Alimentos proteicos: quando valem a pena?

Resumo da Notícia

Contexto Geral

O conteúdo aborda a popularização de produtos “alto em proteína” nos supermercados e avalia, segundo a técnica em Nutrição e Dietética Ana Luzón, a relação entre valor nutricional, preço e utilidade desses itens, distinguindo o que é sustentado por ciência do que é estratégia de marketing.

Principais Pontos

  • Iogurte: um natural oferece cerca de 4–5 g de proteína por aproximadamente € 0,25; um iogurte proteico fornece cerca de 10–12 g por € 0,80–€ 1,20. Segundo a especialista, há aumento de proteína, porém com preço até triplicado.
  • Alternativas com custo-benefício: queijo fresco batido 0% e skyr têm densidade proteica semelhante por fração do preço; a compra tende a priorizar conveniência e design, não um “superalimento”.
  • Rotulagem redundante: selos “alto em proteína” em latas de atum ou peito de frango são considerados desnecessários, pois esses alimentos já são fontes proteicas; o selo pode afastar a comparação de preço por quilo com outras marcas.
  • Pães e biscoitos “proteinizados”: frequentemente recebem glúten ou soja para inflar a proteína mantendo farinhas refinadas; questiona-se o sentido de transformar alimentos majoritariamente energéticos (carboidratos) em fontes de proteína.
  • Viés de gênero no consumo: enquanto parte da população excede proteína via carnes processadas, muitas mulheres não atingem níveis ótimos; proteína compõe hormônios, células do sistema imune, dentes e músculos, além de ser saciante e ajudar a evitar beliscos.
  • Orientação prática de consumo: 2–3 porções semanais de leguminosas, cerca de 7 ovos, 3 porções de peixe e algum consumo de carne ou laticínios, combinados com oleaginosas e cereais, atendem às necessidades da maioria das pessoas saudáveis.
  • Isolado de proteína do soro (Isolate): não é milagroso; é útil em casos específicos, como pouco apetite (idosos ou em recuperação), atletas com demandas altas e necessidade de digestão rápida, ou falta extrema de tempo; não substitui comida real quando possível fazer refeições.
  • Excesso de proteína: há limite de absorção por refeição; o excedente é oxidado para energia ou eliminado via ureia, configurando gasto desnecessário.
  • Deslocamento nutricional: consumo frequente de pudins e shakes proteicos pode reduzir a ingestão de fibras e antioxidantes de frutas, verduras e leguminosas; preservar músculo requer exercício, e proteína isolada não é suficiente.
  • Conclusão da especialista: produtos enriquecidos podem ser úteis em situações específicas, mas para o consumidor médio costumam ser um luxo desnecessário; ovos, lentilhas e sardinhas são apontados como opções eficazes e acessíveis.

Informações Essenciais

Segundo Ana Luzón, a expansão de produtos “alto em proteína” eleva custos sem ganhos proporcionais na maioria dos casos.
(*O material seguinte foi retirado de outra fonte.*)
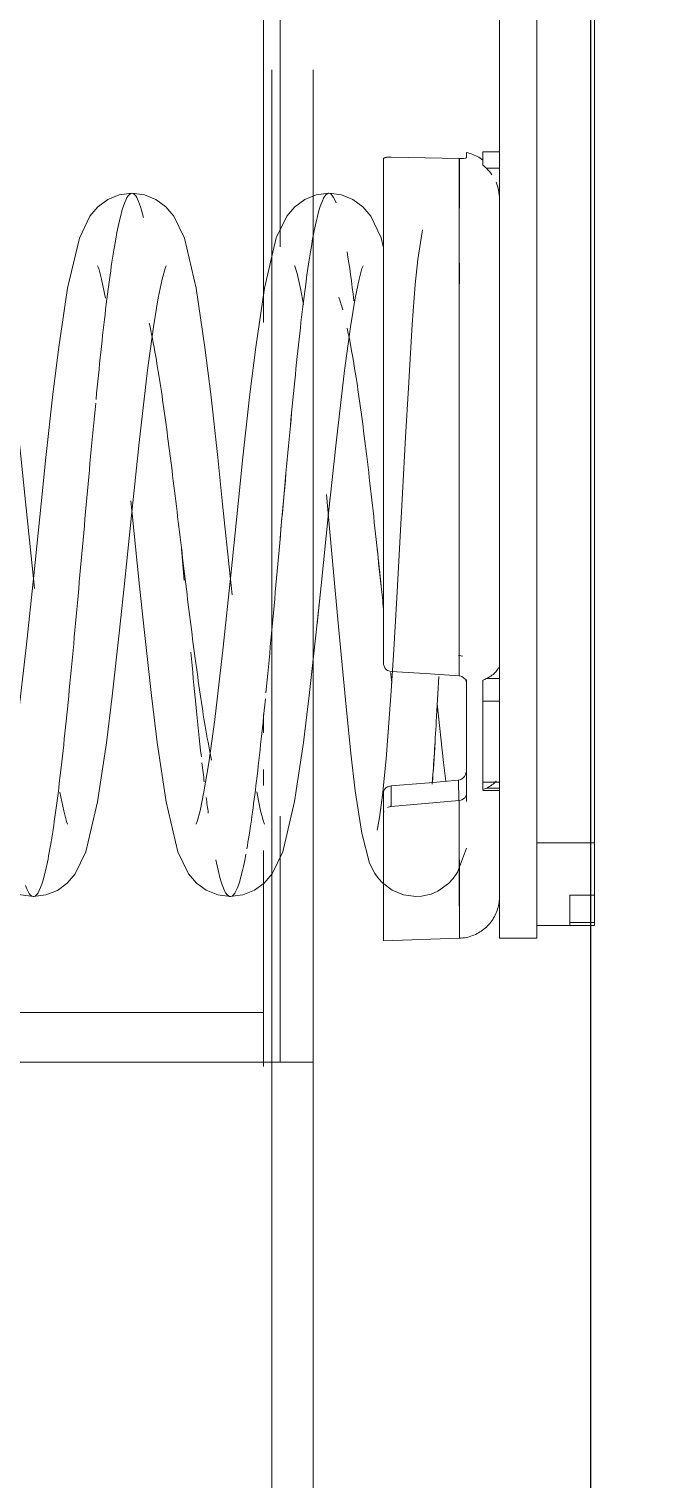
# Model space of a CAD drawing. Extents: x -181672 to 290600, y -29000 to 395522.
# Drawn here: x -4871.7 to -4797, y 41027.9 to 41203.2 of the extents above; entities that cross this region are included whole.
import ezdxf

# ---------------------------------------------------------------- set-up
doc = ezdxf.new("R2010")
doc.units = 0
doc.header["$LTSCALE"] = 10
doc.layers.add('XFM7P20PCW$0$G-IMPT', color=252, linetype='Continuous', lineweight=9)
doc.layers.add('XFM7P20PCW$0$M-EQPM', color=252, linetype='Continuous', lineweight=9)

# ---------------------------------------------------------------- blocks, each defined once
blk = doc.blocks.new('XFM7P20PCW$0$ui_PCW Pump Shockproof Base - PCW防震基座-Renew_dwg_OC500034 UC600022 12___TCEÂù_uÂ__v__ÅK382x125x6t_ipt-1175008-剖面 73')
at = {"layer": 'XFM7P20PCW$0$G-IMPT'}
blk.add_line((130434.37, 25604.5), (130434.37, 25439.5), dxfattribs=at)
blk.add_line((130434.37, 25604.5), (130434.37, 25439.5), dxfattribs=at)
blk = doc.blocks.new('XFM7P20PCW$0$ui_PCW Pump Shockproof Base - PCW防震基座-Renew_dwg_OC500034 CE12___T_v__ÅK²Õ_ó-Âù_uÂ_-1_iam-1175011-剖面 73')
blk.add_blockref('XFM7P20PCW$0$ui_PCW Pump Shockproof Base - PCW防震基座-Renew_dwg_OC500034 UC600022 12___TCEÂù_uÂ__v__ÅK382x125x6t_ipt-1175008-剖面 73', (0, 0))
blk = doc.blocks.new('XFM7P20PCW$0$ui_PCW Pump Shockproof Base - PCW防震基座-Renew_dwg_OC500034 UC600022 12___TCEÂù_uÂ__v__ÅK382x125x6t_ipt-V19-剖面 73')
at = {"layer": 'XFM7P20PCW$0$G-IMPT'}
for p, q in [((130428.37, 25727.5), (130428.37, 25439.5)), ((130428.37, 25439.5), (130428.37, 25727.5)), ((130428.37, 25727.5), (130428.37, 25439.5)), ((130434.37, 25439.5), (130434.37, 25604.5)), ((130434.37, 25439.5), (130434.37, 25604.5)), ((130427.86, 25439.5), (130434.37, 25439.5)), ((130434.37, 25439.5), (130428.37, 25439.5)), ((130453.96, 25439.5), (130434.37, 25439.5)), ((130434.37, 25439.5), (130453.96, 25439.5)), ((130463.72, 25439.5), (130461.82, 25439.5)), ((130461.82, 25439.5), (130463.72, 25439.5)), ((130470.39, 25439.5), (130468.16, 25439.5)), ((130468.16, 25439.5), (130470.39, 25439.5)), ((130587.39, 25439.5), (130517.77, 25439.5)), ((130517.77, 25439.5), (130587.39, 25439.5))]:
    blk.add_line(p, q, dxfattribs=at)
blk = doc.blocks.new('XFM7P20PCW$0$ui_PCW Pump Shockproof Base - PCW防震基座-Renew_dwg_OC500034 CE12___T_v__ÅK²Õ_ó-Âù_uÂ_-1_iam-V20-剖面 73')
blk.add_blockref('XFM7P20PCW$0$ui_PCW Pump Shockproof Base - PCW防震基座-Renew_dwg_OC500034 UC600022 12___TCEÂù_uÂ__v__ÅK382x125x6t_ipt-V19-剖面 73', (0, 0))
blk = doc.blocks.new('XFM7P20PCW$0$ui_PCW Pump Shockproof Base - PCW防震基座-Renew_dwg_QB100173 JCD-2_³___Æ¹Ô217x97mm-1175024-剖面 73')
at = {"layer": 'XFM7P20PCW$0$G-IMPT'}
for p, q in [((129069.87, 25399.5), (129069.87, 25406.5)), ((129079.87, 25406.5), (129069.87, 25406.5)), ((129069.87, 25406.5), (129079.87, 25406.5)), ((129069.87, 25406.5), (129069.87, 25399.5)), ((129069.87, 25399.5), (129069.87, 25406.5)), ((129276.87, 25406.5), (129079.87, 25406.5)), ((129079.87, 25406.5), (129079.87, 25402.5)), ((129079.87, 25402.5), (129079.87, 25406.5)), ((129079.87, 25406.5), (129276.87, 25406.5)), ((129069.87, 25399.5), (129069.87, 25402.5)), ((129069.87, 25402.5), (129073.55, 25402.5)), ((129069.87, 25402.5), (129073.55, 25402.5)), ((129069.87, 25402.5), (129069.87, 25399.5)), ((129069.87, 25399.5), (129069.87, 25402.5)), ((129069.87, 25402.5), (129073.55, 25402.5)), ((129069.87, 25402.5), (129073.55, 25402.5)), ((129069.87, 25402.5), (129069.87, 25399.5)), ((129069.87, 25399.5), (129069.87, 25402.5)), ((129069.87, 25402.5), (129073.55, 25402.5)), ((129069.87, 25402.5), (129073.55, 25402.5)), ((129069.87, 25402.5), (129069.87, 25399.5)), ((129069.87, 25399.5), (129069.87, 25402.5)), ((129069.87, 25402.5), (129073.55, 25402.5)), ((129069.87, 25402.5), (129073.55, 25402.5)), ((129069.87, 25402.5), (129069.87, 25399.5)), ((129069.87, 25399.5), (129069.87, 25402.5)), ((129069.87, 25402.5), (129073.55, 25402.5)), ((129069.87, 25402.5), (129073.55, 25402.5)), ((129069.87, 25402.5), (129069.87, 25399.5)), ((129069.87, 25399.5), (129069.87, 25402.5)), ((129069.87, 25402.5), (129073.55, 25402.5)), ((129069.87, 25402.5), (129073.55, 25402.5)), ((129069.87, 25402.5), (129069.87, 25399.5)), ((129073.55, 25402.5), (129070.25, 25402.5)), ((129070.25, 25402.5), (129073.55, 25402.5)), ((129070.25, 25402.5), (129073.55, 25402.5)), ((129070.25, 25402.5), (129073.55, 25402.5)), ((129069.87, 25399.5), (129286.87, 25399.5)), ((129069.87, 25399.5), (129286.87, 25399.5)), ((129069.87, 25399.5), (129286.87, 25399.5)), ((129069.87, 25399.5), (129286.87, 25399.5)), ((129069.87, 25399.5), (129286.87, 25399.5)), ((129069.87, 25399.5), (129286.87, 25399.5)), ((129069.87, 25399.5), (129286.87, 25399.5)), ((129069.87, 25399.5), (129286.87, 25399.5)), ((129069.87, 25399.5), (129286.87, 25399.5)), ((129069.87, 25399.5), (129286.87, 25399.5)), ((129069.87, 25399.5), (129286.87, 25399.5)), ((129069.87, 25399.5), (129286.87, 25399.5)), ((129070.25, 25399.5), (129286.48, 25399.5)), ((129070.25, 25399.5), (129286.48, 25399.5)), ((129079.87, 25399.5), (129073.55, 25399.5)), ((129073.55, 25399.5), (129283.19, 25399.5)), ((129073.55, 25399.5), (129283.19, 25399.5)), ((129073.55, 25399.5), (129079.87, 25399.5)), ((129079.87, 25399.5), (129276.87, 25399.5)), ((129079.87, 25399.5), (129276.87, 25399.5))]:
    blk.add_line(p, q, dxfattribs=at)
blk = doc.blocks.new('XFM7P20PCW$0$ui_PCW Pump Shockproof Base - PCW防震基座-Renew_dwg_¹s_ó¹Ï UD100116 CD-2_uÂ__³_y220x100x4_5t-1175025-剖面 73')
at = {"layer": 'XFM7P20PCW$0$G-IMPT'}
for p, q in [((129068.37, 25406.5), (129068.37, 25411)), ((129068.37, 25411), (129288.37, 25411)), ((129068.37, 25406.5), (129068.37, 25411)), ((129288.37, 25411), (129068.37, 25411)), ((129288.37, 25406.5), (129068.37, 25406.5)), ((129068.37, 25406.5), (129288.37, 25406.5))]:
    blk.add_line(p, q, dxfattribs=at)
blk = doc.blocks.new('XFM7P20PCW$0$ui_PCW Pump Shockproof Base - PCW防震基座-Renew_dwg_¹s_ó¹Ï UB405030 _uÂ__W_T_ö 86Dx18d-V51-剖面 73')
at = {"layer": 'XFM7P20PCW$0$G-IMPT'}
for p, q in [((130443.35, 25415.87), (130443.03, 25425)), ((130443.03, 25425), (130451.85, 25425)), ((130451.83, 25425), (130443.03, 25425)), ((130448.73, 25425), (130451.28, 25425)), ((130448.73, 25425), (130451.28, 25425)), ((130537.56, 25425), (130520.78, 25425)), ((130520.8, 25425), (130537.56, 25425)), ((130532.59, 25425), (130520.87, 25425)), ((130520.88, 25425), (130532.59, 25425)), ((130532.59, 25425), (130537.56, 25425)), ((130537.56, 25425), (130532.59, 25425)), ((130532.59, 25425), (130537.56, 25425)), ((130452.81, 25415.83), (130443.35, 25415.83)), ((130524.92, 25415.83), (130522.43, 25415.83)), ((130524.27, 25415.87), (130522.89, 25415.87)), ((130537.58, 25415.83), (130531.58, 25415.83)), ((130537.58, 25415.87), (130532.44, 25415.87)), ((130463.71, 25415), (130459.96, 25415)), ((130459.96, 25415), (130463.71, 25415)), ((130474.15, 25415), (130460.8, 25415)), ((130463.71, 25415), (130460.8, 25415)), ((130474.15, 25415), (130460.8, 25415)), ((130460.8, 25415), (130463.71, 25415)), ((130538.29, 25415), (130537.66, 25415)), ((130538.29, 25415), (130537.66, 25415)), ((130461.21, 25411), (130461.21, 25412.99)), ((130461.21, 25411), (130461.21, 25412.99)), ((130461.33, 25413), (130474.52, 25413)), ((130474.52, 25413), (130461.33, 25413)), ((130461.48, 25411), (130461.48, 25412.57)), ((130461.48, 25411), (130461.48, 25412.57)), ((130462.21, 25411), (130462.21, 25413)), ((130462.21, 25413), (130472, 25413)), ((130472, 25413), (130462.21, 25413)), ((130462.21, 25413), (130462.21, 25411)), ((130472, 25413), (130472, 25411)), ((130472, 25411), (130472, 25413)), ((130473.33, 25413), (130474.52, 25413)), ((130474.52, 25413), (130473.33, 25413)), ((130474.73, 25411), (130474.73, 25412.57)), ((130474.73, 25411), (130474.73, 25412.57)), ((130536.39, 25412.57), (130536.39, 25411)), ((130536.39, 25411), (130536.39, 25412.57)), ((130538.39, 25413), (130536.76, 25413)), ((130536.76, 25413), (130538.39, 25413)), ((130538.39, 25413), (130538.39, 25411)), ((130538.39, 25411), (130538.39, 25413)), ((130538.39, 25411), (130538.39, 25413)), ((130448.35, 25411), (130463.33, 25411)), ((130448.35, 25411), (130463.33, 25411)), ((130461.48, 25411), (130463.33, 25411)), ((130463.33, 25411), (130461.48, 25411)), ((130472, 25411), (130462.21, 25411)), ((130462.21, 25411), (130472, 25411)), ((130474.73, 25411), (130472.31, 25411)), ((130472.31, 25411), (130474.73, 25411)), ((130476.58, 25411), (130474.73, 25411)), ((130474.73, 25411), (130476.58, 25411)), ((130476.58, 25411), (130525.62, 25411)), ((130476.58, 25411), (130525.62, 25411)), ((130481.87, 25411), (130499.87, 25411)), ((130481.87, 25411), (130499.87, 25411)), ((130526.83, 25411), (130532.7, 25411)), ((130526.83, 25411), (130532.7, 25411)), ((130532.7, 25411), (130536.39, 25411)), ((130536.39, 25411), (130532.7, 25411)), ((130536.39, 25411), (130537.8, 25411)), ((130537.8, 25411), (130536.39, 25411))]:
    blk.add_line(p, q, dxfattribs=at)
at = {"layer": 'XFM7P20PCW$0$G-IMPT', "flags": 128}
for points in [[(130537.58, 25415.87), (130537.66, 25419.98), (130537.74, 25424.09)], [(130537.74, 25424.09), (130537.66, 25419.98), (130537.58, 25415.87)], [(130443.35, 25415.83), (130443.36, 25415.63), (130443.38, 25415.43), (130443.41, 25415.23), (130443.44, 25415.03), (130443.48, 25414.84), (130443.53, 25414.64), (130443.59, 25414.45), (130443.66, 25414.26), (130443.73, 25414.08), (130443.81, 25413.89), (130443.9, 25413.71), (130443.99, 25413.54), (130444.1, 25413.37), (130444.2, 25413.2), (130444.32, 25413.03), (130444.44, 25412.88), (130444.57, 25412.72), (130444.7, 25412.57), (130444.84, 25412.43), (130444.99, 25412.29), (130445.14, 25412.16), (130445.3, 25412.04), (130445.46, 25411.92), (130445.62, 25411.81), (130445.79, 25411.7), (130445.97, 25411.6), (130446.14, 25411.51), (130446.33, 25411.43), (130446.51, 25411.35), (130446.7, 25411.28), (130446.89, 25411.22), (130447.08, 25411.16), (130447.27, 25411.12), (130447.47, 25411.08), (130447.67, 25411.05), (130447.87, 25411.02), (130448.07, 25411.01)], [(130537.59, 25415.33), (130537.58, 25415.56), (130537.58, 25415.83)], [(130537.58, 25415.83), (130537.58, 25415.56), (130537.59, 25415.33)], [(130537.51, 25413.16), (130537.62, 25413.33), (130537.72, 25413.5), (130537.82, 25413.68), (130537.91, 25413.85), (130537.99, 25414.04), (130538.06, 25414.22), (130538.13, 25414.41), (130538.19, 25414.6), (130538.24, 25414.79), (130538.29, 25414.99), (130538.29, 25415)], [(130463.33, 25411), (130462.05, 25411), (130460.83, 25411), (130459.65, 25411)], [(130460.05, 25411), (130461.24, 25411), (130462.49, 25411)], [(130476.58, 25411), (130478.19, 25411), (130479.82, 25411), (130481.48, 25411), (130483.14, 25411), (130484.82, 25411), (130486.51, 25411), (130488.2, 25411), (130489.9, 25411)], [(130490.38, 25411), (130488.74, 25411), (130487.04, 25411), (130485.35, 25411), (130483.67, 25411), (130482, 25411), (130480.34, 25411), (130478.7, 25411), (130477.08, 25411)], [(130490.38, 25411), (130491.6, 25411), (130493.3, 25411), (130495, 25411), (130496.69, 25411), (130498.37, 25411), (130500.03, 25411), (130501.69, 25411), (130503.32, 25411), (130504.94, 25411), (130506.53, 25411), (130508.1, 25411)], [(130508.42, 25411), (130507.03, 25411), (130505.44, 25411), (130503.84, 25411), (130502.21, 25411), (130500.56, 25411), (130498.89, 25411), (130497.22, 25411), (130495.53, 25411), (130493.84, 25411), (130492.14, 25411), (130490.44, 25411)], [(130508.42, 25411), (130509.64, 25411), (130511.15, 25411), (130512.63, 25411), (130514.07, 25411), (130515.48, 25411), (130516.85, 25411)], [(130517.27, 25411), (130515.92, 25411), (130514.52, 25411), (130513.09, 25411), (130511.62, 25411), (130510.12, 25411), (130508.59, 25411)], [(130518.17, 25411), (130519.45, 25411), (130520.69, 25411), (130521.88, 25411)], [(130522.24, 25411), (130521.07, 25411), (130519.85, 25411), (130518.58, 25411)]]:
    blk.add_lwpolyline(points, dxfattribs=at)
at = {"layer": 'XFM7P20PCW$0$G-IMPT'}
for points, knots in [([(130537.73, 25424.38), (130537.73, 25424.47), (130537.72, 25424.62), (130537.69, 25424.8), (130537.64, 25424.95), (130537.59, 25425), (130537.56, 25425)], [0.2, 0.2, 0.2, 0.2, 0.4, 0.55, 0.7, 1, 1, 1, 1]), ([(130537.56, 25425), (130537.6, 25425), (130537.66, 25424.92), (130537.71, 25424.69), (130537.72, 25424.57), (130537.72, 25424.51)], [0, 0, 0, 0, 0.4, 0.55, 0.7, 0.7, 0.7, 0.7]), ([(130452.74, 25415.86), (130450.77, 25415.85), (130445.57, 25415.84), (130443.35, 25415.83), (130443.35, 25415.83)], [0.259218, 0.259218, 0.259218, 0.259218, 0.5, 1, 1, 1, 1])]:
    blk.add_open_spline(points, degree=3, knots=knots, dxfattribs=at)
for points in [[(130461.48, 25412.57), (130461.45, 25412.64), (130461.42, 25412.71), (130461.39, 25412.78)], [(130461.39, 25412.78), (130461.42, 25412.71), (130461.45, 25412.64), (130461.48, 25412.57)], [(130462.32, 25411.41), (130462.01, 25411.67), (130461.72, 25412.07), (130461.48, 25412.57)], [(130461.48, 25412.57), (130461.72, 25412.07), (130462.01, 25411.67), (130462.32, 25411.41)], [(130474.52, 25413), (130474.55, 25412.93), (130474.63, 25412.78), (130474.7, 25412.64), (130474.73, 25412.57)], [(130474.73, 25412.57), (130474.7, 25412.64), (130474.63, 25412.78), (130474.55, 25412.93), (130474.52, 25413)], [(130535.6, 25411.9), (130535.88, 25412.1), (130536.15, 25412.32), (130536.39, 25412.57)], [(130536.39, 25412.57), (130536.15, 25412.32), (130535.88, 25412.1), (130535.6, 25411.9)], [(130536.39, 25412.57), (130536.45, 25412.64), (130536.58, 25412.78), (130536.7, 25412.93), (130536.76, 25413)], [(130536.76, 25413), (130536.7, 25412.93), (130536.58, 25412.78), (130536.45, 25412.64), (130536.39, 25412.57)], [(130475.57, 25411.41), (130475.73, 25411.27), (130475.9, 25411.17), (130476.06, 25411.1)], [(130476.06, 25411.1), (130475.9, 25411.17), (130475.73, 25411.27), (130475.57, 25411.41)], [(130532.7, 25411), (130533.39, 25411), (130534.08, 25411.14), (130534.7, 25411.41)], [(130534.7, 25411.41), (130534.08, 25411.14), (130533.39, 25411), (130532.7, 25411)]]:
    blk.add_open_spline(points, degree=3, dxfattribs=at)
blk = doc.blocks.new('XFM7P20PCW$0$ui_PCW Pump Shockproof Base - PCW防震基座-Renew_dwg_²Õ_X_ó OB101054 JCD-2_uÂ__U_y _ö_ûÁá_N-V53-剖面 73')
for name, p in [('XFM7P20PCW$0$ui_PCW Pump Shockproof Base - PCW防震基座-Renew_dwg_¹s_ó¹Ï UB405030 _uÂ__W_T_ö 86Dx18d-V51-剖面 73', (0, 0)), ('XFM7P20PCW$0$ui_PCW Pump Shockproof Base - PCW防震基座-Renew_dwg_¹s_ó¹Ï UD100116 CD-2_uÂ__³_y220x100x4_5t-1175025-剖面 73', (1375, 0))]:
    blk.add_blockref(name, p)
blk = doc.blocks.new('XFM7P20PCW$0$ui_PCW Pump Shockproof Base - PCW防震基座-Renew_dwg_50_____j_uÂ_ 85Dx155H-V54-剖面 73')
at = {"layer": 'XFM7P20PCW$0$G-IMPT'}
blk.add_line((130460.6, 25425.13), (130457.94, 25425.48), dxfattribs=at)
at = {"layer": 'XFM7P20PCW$0$G-IMPT', "flags": 128}
for points in [[(130453.78, 25437.18), (130459.85, 25435.76), (130467.01, 25434.68), (130472.67, 25433.99), (130480.34, 25433.14)], [(130533.37, 25431.62), (130533.17, 25433.15), (130532.6, 25434.54), (130531.73, 25435.73), (130530.62, 25436.69), (130528.94, 25437.5)], [(130481.35, 25433.03), (130485.97, 25432.55), (130494.73, 25431.65), (130496.64, 25431.45)], [(130450.03, 25425.13), (130450.58, 25425.63), (130451.17, 25426.06), (130452.42, 25426.69), (130456.06, 25427.65), (130461.15, 25428.42), (130465.67, 25428.96), (130472.14, 25429.62), (130481.87, 25430.53), (130487.57, 25431.05), (130493.78, 25431.62), (130496.95, 25431.92)], [(130533.37, 25431.62), (130533.17, 25430.1), (130532.6, 25428.71), (130531.73, 25427.52), (130530.62, 25426.56), (130527.97, 25425.28), (130526.77, 25425)], [(130520.71, 25428.44), (130522.98, 25427.97), (130524.27, 25427.62), (130524.62, 25427.49)]]:
    blk.add_lwpolyline(points, dxfattribs=at)
at = {"layer": 'XFM7P20PCW$0$G-IMPT'}
for points in [[(130499.54, 25436.8), (130496.96, 25437.03), (130494.34, 25437.27), (130491.71, 25437.5)], [(130532.22, 25430.74), (130533.26, 25431.15), (130533.94, 25431.95), (130530.58, 25433.16), (130523.2, 25434.38), (130512.54, 25435.59), (130503.97, 25436.39), (130499.54, 25436.8)], [(130520.81, 25430.43), (130520.38, 25430.26), (130519.88, 25430.1), (130519.29, 25429.94)], [(130520.37, 25428.58), (130522.61, 25428.86), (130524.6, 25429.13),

Comparações como a de iogurtes indicam maior preço por grama de proteína, enquanto alternativas como skyr e queijo fresco batido 0% oferecem densidade semelhante por menos. A especialista critica selos proteicos redundantes, alerta para limites de absorção e para o risco de substituir alimentos ricos em fibra e antioxidantes por ultraprocessados proteicos. Recomenda suprir necessidades com leguminosas, ovos, peixes, alguma carne ou laticínios, oleaginosas e cereais, reservando o isolado de soro para usos pontuais.